I avoid casual clothing that's emblazond with logos, motifs, mottos, brand names and so on. It's not always possible of course, even the most subtle brands - Loro Piana - brand zippers and so on.

I don't wear shoes with tassles for the same reasons already mentioned by others. I like interesting shoes from makers like Corthay, Bontoni, Gaziano Girling and, say, Koji Suzuki. I have a serious dislike for Allen-Edmonds, Church's, Alden and so on. I find them ugly. Therefore I don't wear them.

I don't wear sack anything. All my suits, jackets and shirts are fitted and fit well. Poorly fitted clothing is a blight. 

However - I want want to get this off my chest - when I excercise, I don't wear suits, dress shoes, shirts or ties..... I wear running shoes and ankle socks - clothing is weather dependent - when I run. When it's really sunny and if I'm competing, I may wear a super light UV protected 'baseball hat'. I wear tennis shoes with shorts and a synthetic polo when I play tennis, indoor court shoes with shorts and a synthetic polo when I play badminton and sweats when I'm weight training. When I'm up in the hills, a good technical waterproof and proper boots come in handy so I won't die of exposure and when I'm on my bike I wear shorts with a synthetic chamois pad and gloves with shock absorbant padding on the palms. What don't you guys wear when you excercise (or maybe you just don't excercise!)?

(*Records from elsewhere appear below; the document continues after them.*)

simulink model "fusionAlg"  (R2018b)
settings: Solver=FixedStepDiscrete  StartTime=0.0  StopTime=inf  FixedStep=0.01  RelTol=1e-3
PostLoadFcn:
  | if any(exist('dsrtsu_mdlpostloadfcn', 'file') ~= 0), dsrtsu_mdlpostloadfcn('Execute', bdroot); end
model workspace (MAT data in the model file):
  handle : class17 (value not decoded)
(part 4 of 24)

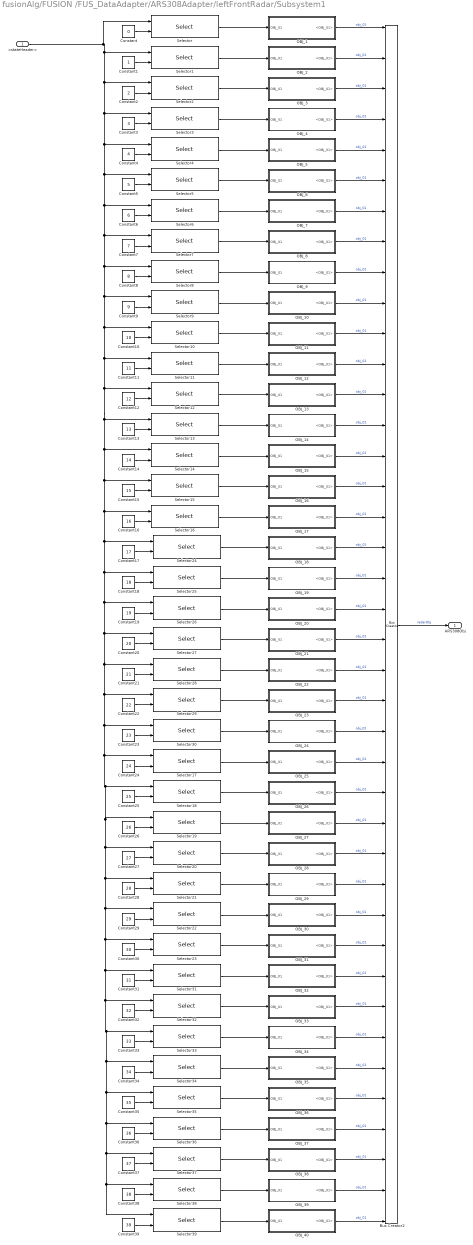
== system fusionAlg/FUSION /FUS_DataAdapter/ARS308Adapter/leftFrontRadar/Subsystem1 ==
  <stateHeader> : Inport
  Bus Creator2 : BusCreator  Inputs=40  OutDataTypeStr=Bus: FUS_RADOBJ_LIST_ST  NonVirtualBus=on
      settings: InheritFromInputs=off
  Constant : Constant  Value=0  OutDataTypeStr=uint8
  Constant1 : Constant  OutDataTypeStr=uint8
  Constant10 : Constant  Value=10  OutDataTypeStr=uint8
  Constant11 : Constant  Value=11  OutDataTypeStr=uint8
  Constant12 : Constant  Value=12  OutDataTypeStr=uint8
  Constant13 : Constant  Value=13  OutDataTypeStr=uint8
  Constant14 : Constant  Value=14  OutDataTypeStr=uint8
  Constant15 : Constant  Value=15  OutDataTypeStr=uint8
  Constant16 : Constant  Value=16  OutDataTypeStr=uint8
  Constant17 : Constant  Value=17  OutDataTypeStr=uint8
  Constant18 : Constant  Value=18  OutDataTypeStr=uint8
  Constant19 : Constant  Value=19  OutDataTypeStr=uint8
  Constant2 : Constant  Value=2  OutDataTypeStr=uint8
  Constant20 : Constant  Value=20  OutDataTypeStr=uint8
  Constant21 : Constant  Value=21  OutDataTypeStr=uint8
  Constant22 : Constant  Value=22  OutDataTypeStr=uint8
  Constant23 : Constant  Value=23  OutDataTypeStr=uint8
  Constant24 : Constant  Value=24  OutDataTypeStr=uint8
  Constant25 : Constant  Value=25  OutDataTypeStr=uint8
  Constant26 : Constant  Value=26  OutDataTypeStr=uint8
  Constant27 : Constant  Value=27  OutDataTypeStr=uint8
  Constant28 : Constant  Value=28  OutDataTypeStr=uint8
  Constant29 : Constant  Value=29  OutDataTypeStr=uint8
  Constant3 : Constant  Value=3  OutDataTypeStr=uint8
  Constant30 : Constant  Value=30  OutDataTypeStr=uint8
  Constant31 : Constant  Value=31  OutDataTypeStr=uint8
  Constant32 : Constant  Value=32  OutDataTypeStr=uint8
  Constant33 : Constant  Value=33  OutDataTypeStr=uint8
  Constant34 : Constant  Value=34  OutDataTypeStr=uint8
  Constant35 : Constant  Value=35  OutDataTypeStr=uint8
  Constant36 : Constant  Value=36  OutDataTypeStr=uint8
  Constant37 : Constant  Value=37  OutDataTypeStr=uint8
  Constant38 : Constant  Value=38  OutDataTypeStr=uint8
  Constant39 : Constant  Value=39  OutDataTypeStr=uint8
  Constant4 : Constant  Value=4  OutDataTypeStr=uint8
  Constant5 : Constant  Value=5  OutDataTypeStr=uint8
  Constant6 : Constant  Value=6  OutDataTypeStr=uint8
  Constant7 : Constant  Value=7  OutDataTypeStr=uint8
  Constant8 : Constant  Value=8  OutDataTypeStr=uint8
  Constant9 : Constant  Value=9  OutDataTypeStr=uint8
  OBJ_1 : Subsystem
  OBJ_10 : Subsystem
  OBJ_11 : Subsystem
  OBJ_12 : Subsystem
  OBJ_13 : Subsystem
  OBJ_14 : Subsystem
  OBJ_15 : Subsystem
  OBJ_16 : Subsystem
  OBJ_17 : Subsystem
  OBJ_18 : Subsystem
  OBJ_19 : Subsystem
  OBJ_2 : Subsystem
  OBJ_20 : Subsystem
  OBJ_21 : Subsystem
  OBJ_22 : Subsystem
  OBJ_23 : Subsystem
  OBJ_24 : Subsystem
  OBJ_25 : Subsystem
  OBJ_26 : Subsystem
  OBJ_27 : Subsystem
  OBJ_28 : Subsystem
  OBJ_29 : Subsystem
  OBJ_3 : Subsystem
  OBJ_30 : Subsystem
  OBJ_31 : Subsystem
  OBJ_32 : Subsystem
  OBJ_33 : Subsystem
  OBJ_34 : Subsystem
  OBJ_35 : Subsystem
  OBJ_36 : Subsystem
  OBJ_37 : Subsystem
  OBJ_38 : Subsystem
  OBJ_39 : Subsystem
  OBJ_4 : Subsystem
  OBJ_40 : Subsystem
  OBJ_5 : Subsystem
  OBJ_6 : Subsystem
  OBJ_7 : Subsystem
  OBJ_8 : Subsystem
  OBJ_9 : Subsystem
  Selector{,1..39} (40 alike) : Selector  IndexMode=Zero-based  InputPortWidth=40  IndexOptions=Index vector (port)  Indices=[1 3]  OutputSizes=1
  ARS308Obj : Outport
  wires:
  Bus Creator2/1 -> ARS308Obj/1  "radarObj"
  Constant/1 -> Selector/2
  Constant11/1 -> Selector11/2
  Constant2/1 -> Selector2/2
  Constant5/1 -> Selector5/2
  Constant26/1 -> Selector19/2
  Constant3/1 -> Selector3/2
  Constant34/1 -> Selector34/2
  Constant22/1 -> Selector29/2
  Constant9/1 -> Selector9/2
  Constant38/1 -> Selector38/2
  Constant14/1 -> Selector14/2
  Constant23/1 -> Selector30/2
  Constant1/1 -> Selector1/2
  Constant6/1 -> Selector6/2
  Constant4/1 -> Selector4/2
  Constant8/1 -> Selector8/2
  <stateHeader>/1 -> Selector/1, Selector9/1, Selector39/1, Selector38/1, Selector37/1, Selector36/1, Selector35/1, Selector34/1, Selector33/1, Selector32/1, Selector31/1, Selector23/1, Selector22/1, Selector21/1, Selector20/1, Selector19/1, Selector18/1, Selector17/1, Selector30/1, Selector29/1, Selector28/1, Selector27/1, Selector26/1, Selector25/1, Selector24/1, Selector16/1, Selector15/1, Selector14/1, Selector13/1, Selector12/1, Selector11/1, Selector10/1, Selector8/1, Selector7/1, Selector6/1, Selector5/1, Selector4/1, Selector3/1, Selector2/1, Selector1/1
  Selector/1 -> OBJ_1/1(OBJ_01)
  Constant17/1 -> Selector24/2
  Constant12/1 -> Selector12/2
  Constant20/1 -> Selector27/2
  Constant39/1 -> Selector39/2
  Constant37/1 -> Selector37/2
  Constant36/1 -> Selector36/2
  Constant15/1 -> Selector15/2
  Constant10/1 -> Selector10/2
  Constant18/1 -> Selector25/2
  Constant19/1 -> Selector26/2
  Constant16/1 -> Selector16/2
  Constant25/1 -> Selector18/2
  Constant28/1 -> Selector21/2
  Constant31/1 -> Selector31/2
  Constant29/1 -> Selector22/2
  Constant13/1 -> Selector13/2
  Constant33/1 -> Selector33/2
  Constant32/1 -> Selector32/2
  Constant24/1 -> Selector17/2
  Constant21/1 -> Selector28/2
  Constant30/1 -> Selector23/2
  Constant27/1 -> Selector20/2
  Constant7/1 -> Selector7/2
  Constant35/1 -> Selector35/2
  OBJ_1/1(<OBJ_01>) -> Bus Creator2/1  "obj_01"
  Selector1/1 -> OBJ_2/1(OBJ_01)
  OBJ_2/1(<OBJ_01>) -> Bus Creator2/2  "obj_01"
  Selector2/1 -> OBJ_3/1(OBJ_01)
  Selector3/1 -> OBJ_4/1(OBJ_01)
  OBJ_4/1(<OBJ_01>) -> Bus Creator2/4  "obj_01"
  OBJ_3/1(<OBJ_01>) -> Bus Creator2/3  "obj_01"
  Selector7/1 -> OBJ_8/1(OBJ_01)
  Selector4/1 -> OBJ_5/1(OBJ_01)
  Selector5/1 -> OBJ_6/1(OBJ_01)
  Selector6/1 -> OBJ_7/1(OBJ_01)
  OBJ_7/1(<OBJ_01>) -> Bus Creator2/7  "obj_01"
  OBJ_6/1(<OBJ_01>) -> Bus Creator2/6  "obj_01"
  OBJ_5/1(<OBJ_01>) -> Bus Creator2/5  "obj_01"
  OBJ_8/1(<OBJ_01>) -> Bus Creator2/8  "obj_01"
  Selector8/1 -> OBJ_9/1(OBJ_01)
  Selector10/1 -> OBJ_11/1(OBJ_01)
  OBJ_10/1(<OBJ_01>) -> Bus Creator2/10  "obj_01"
  OBJ_11/1(<OBJ_01>) -> Bus Creator2/11  "obj_01"
  Selector12/1 -> OBJ_13/1(OBJ_01)
  Selector9/1 -> OBJ_10/1(OBJ_01)
  Selector11/1 -> OBJ_12/1(OBJ_01)
  OBJ_9/1(<OBJ_01>) -> Bus Creator2/9  "obj_01"
  OBJ_13/1(<OBJ_01>) -> Bus Creator2/13  "obj_01"
  OBJ_12/1(<OBJ_01>) -> Bus Creator2/12  "obj_01"
  Selector13/1 -> OBJ_14/1(OBJ_01)
  OBJ_17/1(<OBJ_01>) -> Bus Creator2/17  "obj_01"
  OBJ_14/1(<OBJ_01>) -> Bus Creator2/14  "obj_01"
  OBJ_16/1(<OBJ_01>) -> Bus Creator2/16  "obj_01"
  OBJ_15/1(<OBJ_01>) -> Bus Creator2/15  "obj_01"
  Selector15/1 -> OBJ_16/1(OBJ_01)
  Selector14/1 -> OBJ_15/1(OBJ_01)
  Selector16/1 -> OBJ_17/1(OBJ_01)
  Selector27/1 -> OBJ_21/1(OBJ_01)
  Selector26/1 -> OBJ_20/1(OBJ_01)
  OBJ_18/1(<OBJ_01>) -> Bus Creator2/18  "obj_01"
  OBJ_20/1(<OBJ_01>) -> Bus Creator2/20  "obj_01"
  OBJ_19/1(<OBJ_01>) -> Bus Creator2/19  "obj_01"
  Selector24/1 -> OBJ_18/1(OBJ_01)
  OBJ_21/1(<OBJ_01>) -> Bus Creator2/21  "obj_01"
  Selector25/1 -> OBJ_19/1(OBJ_01)
  Selector28/1 -> OBJ_22/1(OBJ_01)
  OBJ_22/1(<OBJ_01>) -> Bus Creator2/22  "obj_01"
  Selector17/1 -> OBJ_25/1(OBJ_01)
  Selector30/1 -> OBJ_24/1(OBJ_01)
  Selector29/1 -> OBJ_23/1(OBJ_01)
  OBJ_24/1(<OBJ_01>) -> Bus Creator2/24  "obj_01"
  OBJ_23/1(<OBJ_01>) -> Bus Creator2/23  "obj_01"
  OBJ_25/1(<OBJ_01>) -> Bus Creator2/25  "obj_01"
  OBJ_26/1(<OBJ_01>) -> Bus Creator2/26  "obj_01"
  Selector18/1 -> OBJ_26/1(OBJ_01)
  Selector22/1 -> OBJ_30/1(OBJ_01)
  OBJ_27/1(<OBJ_01>) -> Bus Creator2/27  "obj_01"
  Selector21/1 -> OBJ_29/1(OBJ_01)
  OBJ_30/1(<OBJ_01>) -> Bus Creator2/30  "obj_01"
  Selector20/1 -> OBJ_28/1(OBJ_01)
  Selector19/1 -> OBJ_27/1(OBJ_01)
  Selector23/1 -> OBJ_31/1(OBJ_01)
  OBJ_31/1(<OBJ_01>) -> Bus Creator2/31  "obj_01"
  OBJ_29/1(<OBJ_01>) -> Bus Creator2/29  "obj_01"
  OBJ_28/1(<OBJ_01>) -> Bus Creator2/28  "obj_01"
  OBJ_33/1(<OBJ_01>) -> Bus Creator2/33  "obj_01"
  OBJ_34/1(<OBJ_01>) -> Bus Creator2/34  "obj_01"
  Selector34/1 -> OBJ_35/1(OBJ_01)
  Selector33/1 -> OBJ_34/1(OBJ_01)
  Selector32/1 -> OBJ_33/1(OBJ_01)
  OBJ_32/1(<OBJ_01>) -> Bus Creator2/32  "obj_01"
  OBJ_36/1(<OBJ_01>) -> Bus Creator2/36  "obj_01"
  Selector35/1 -> OBJ_36/1(OBJ_01)
  OBJ_35/1(<OBJ_01>) -> Bus Creator2/35  "obj_01"
  Selector31/1 -> OBJ_32/1(OBJ_01)
  Selector39/1 -> OBJ_40/1(OBJ_01)
  OBJ_37/1(<OBJ_01>) -> Bus Creator2/37  "obj_01"
  Selector36/1 -> OBJ_37/1(OBJ_01)
  Selector38/1 -> OBJ_39/1(OBJ_01)
  OBJ_38/1(<OBJ_01>) -> Bus Creator2/38  "obj_01"
  OBJ_40/1(<OBJ_01>) -> Bus Creator2/40  "obj_01"
  Selector37/1 -> OBJ_38/1(OBJ_01)
  OBJ_39/1(<OBJ_01>) -> Bus Creator2/39  "obj_01"

== system fusionAlg/FUSION /FUS_DataAdapter/ARS308Adapter/leftFrontRadar/Subsystem40 ==
  <MeasCounter> : Inport
  Bus Creator1 : BusCreator  Inputs=12  OutDataTypeStr=Bus: FUS_RADAR_STATE_ST  NonVirtualBus=on
      settings: InheritFromInputs=off
  Bus Creator2 : BusCreator  Inputs=2  OutDataTypeStr=Bus: FUS_UINT8_RESERVED_ST  NonVirtualBus=on
      settings: InheritFromInputs=off
  Constant{,1,5..11} (9 alike) : Constant  Value=0  OutDataTypeStr=uint8
  Constant2 : Constant  Value=0  OutDataTypeStr=single
  Constant3 : Constant  Value=0  OutDataTypeStr=single
  Constant4 : Constant  Value=0  OutDataTypeStr=uint16
  Data Type Conversion : DataTypeConversion  OutDataTypeStr=uint8
  <STATUS> : Outport
  wires:
  Constant/1 -> Bus Creator2/1
  <MeasCounter>/1 -> Data Type Conversion/1
  Constant1/1 -> Bus Creator2/2
  Bus Creator2/1 -> Bus Creator1/12
  Bus Creator1/1 -> <STATUS>/1
  Constant2/1 -> Bus Creator1/1  "hostYaw"
  Constant3/1 -> Bus Creator1/2  "hostSpeed"
  Constant4/1 -> Bus Creator1/3  "timestamp"
  Constant5/1 -> Bus Creator1/4  "HWError"
  Constant6/1 -> Bus Creator1/5  "BlkProg"
  Constant7/1 -> Bus Creator1/6  "MisAlign"
  Constant8/1 -> Bus Creator1/7  "GUFail"
  Constant9/1 -> Bus Creator1/8  "measEnabled"
  Constant10/1 -> Bus Creator1/10  "latency"
  Constant11/1 -> Bus Creator1/11  "msgCheckSum"
  Data Type Conversion/1 -> Bus Creator1/9

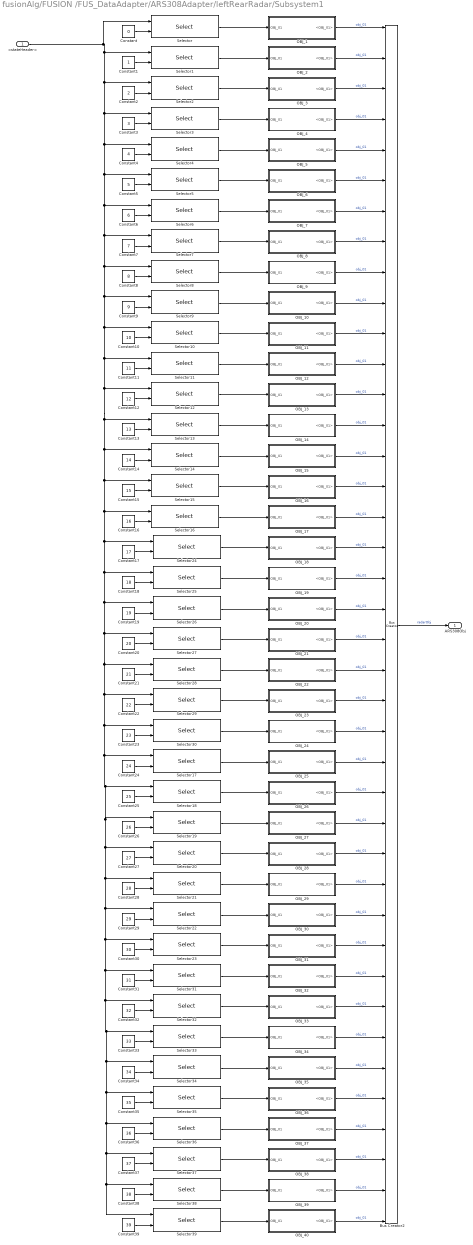
== system fusionAlg/FUSION /FUS_DataAdapter/ARS308Adapter/leftRearRadar/Subsystem1 ==
  <stateHeader> : Inport
  Bus Creator2 : BusCreator  Inputs=40  OutDataTypeStr=Bus: FUS_RADOBJ_LIST_ST  NonVirtualBus=on
      settings: InheritFromInputs=off
  Constant : Constant  Value=0  OutDataTypeStr=uint8
  Constant1 : Constant  OutDataTypeStr=uint8
  Constant10 : Constant  Value=10  OutDataTypeStr=uint8
  Constant11 : Constant  Value=11  OutDataTypeStr=uint8
  Constant12 : Constant  Value=12  OutDataTypeStr=uint8
  Constant13 : Constant  Value=13  OutDataTypeStr=uint8
  Constant14 : Constant  Value=14  OutDataTypeStr=uint8
  Constant15 : Constant  Value=15  OutDataTypeStr=uint8
  Constant16 : Constant  Value=16  OutDataTypeStr=uint8
  Constant17 : Constant  Value=17  OutDataTypeStr=uint8
  Constant18 : Constant  Value=18  OutDataTypeStr=uint8
  Constant19 : Constant  Value=19  OutDataTypeStr=uint8
  Constant2 : Constant  Value=2  OutDataTypeStr=uint8
  Constant20 : Constant  Value=20  OutDataTypeStr=uint8
  Constant21 : Constant  Value=21  OutDataTypeStr=uint8
  Constant22 : Constant  Value=22  OutDataTypeStr=uint8
  Constant23 : Constant  Value=23  OutDataTypeStr=uint8
  Constant24 : Constant  Value=24  OutDataTypeStr=uint8
  Constant25 : Constant  Value=25  OutDataTypeStr=uint8
  Constant26 : Constant  Value=26  OutDataTypeStr=uint8
  Constant27 : Constant  Value=27  OutDataTypeStr=uint8
  Constant28 : Constant  Value=28  OutDataTypeStr=uint8
  Constant29 : Constant  Value=29  OutDataTypeStr=uint8
  Constant3 : Constant  Value=3  OutDataTypeStr=uint8
  Constant30 : Constant  Value=30  OutDataTypeStr=uint8
  Constant31 : Constant  Value=31  OutDataTypeStr=uint8
  Constant32 : Constant  Value=32  OutDataTypeStr=uint8
  Constant33 : Constant  Value=33  OutDataTypeStr=uint8
  Constant34 : Constant  Value=34  OutDataTypeStr=uint8
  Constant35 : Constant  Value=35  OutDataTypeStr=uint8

Everything in its right place....., right?


----------



## FLMike (Sep 17, 2008)

Black suits (except DJ)
Black trousers (except w/DJ)
Suits sans tie (abhor this)
Spread/point collar shirts sans tie
Side vents/ventless jackets (except DJ)
Dark colored dress shirts
Topsiders with socks
"Fashion" T-shirts
Cargo pockets
Rubber-soled shoes w/suits


----------



## FLMike (Sep 17, 2008)

bernoulli said:


> ......Nothing uglier than tassles...


Uhhh, I've seen some of your shoes in WAYWT, and, well, hmmm......let's just say, I find some irony in your post. I love my Alden/BB/AE tassels. The perfect example of classic, comfortable sophistication, in my opinion.


----------



## Mike Petrik (Jul 5, 2005)

Earl of Ormonde said:


> I've never understood why people wear orange clothes. I saw the other day, while sitting eating lunch, a man in orange pants, socks and t-shirt and some light coloured shoes. And I almost felt like going up to him and saying, "do you realise you are wearing orange clothes? And of 3 different shades?" He looked awful.
> 
> The problem with orange is that you really draw attention to yourself & no matter how hard you try it is always going to look like you're trying to show allegiance to a company, a product, a sports team, a country or a political party.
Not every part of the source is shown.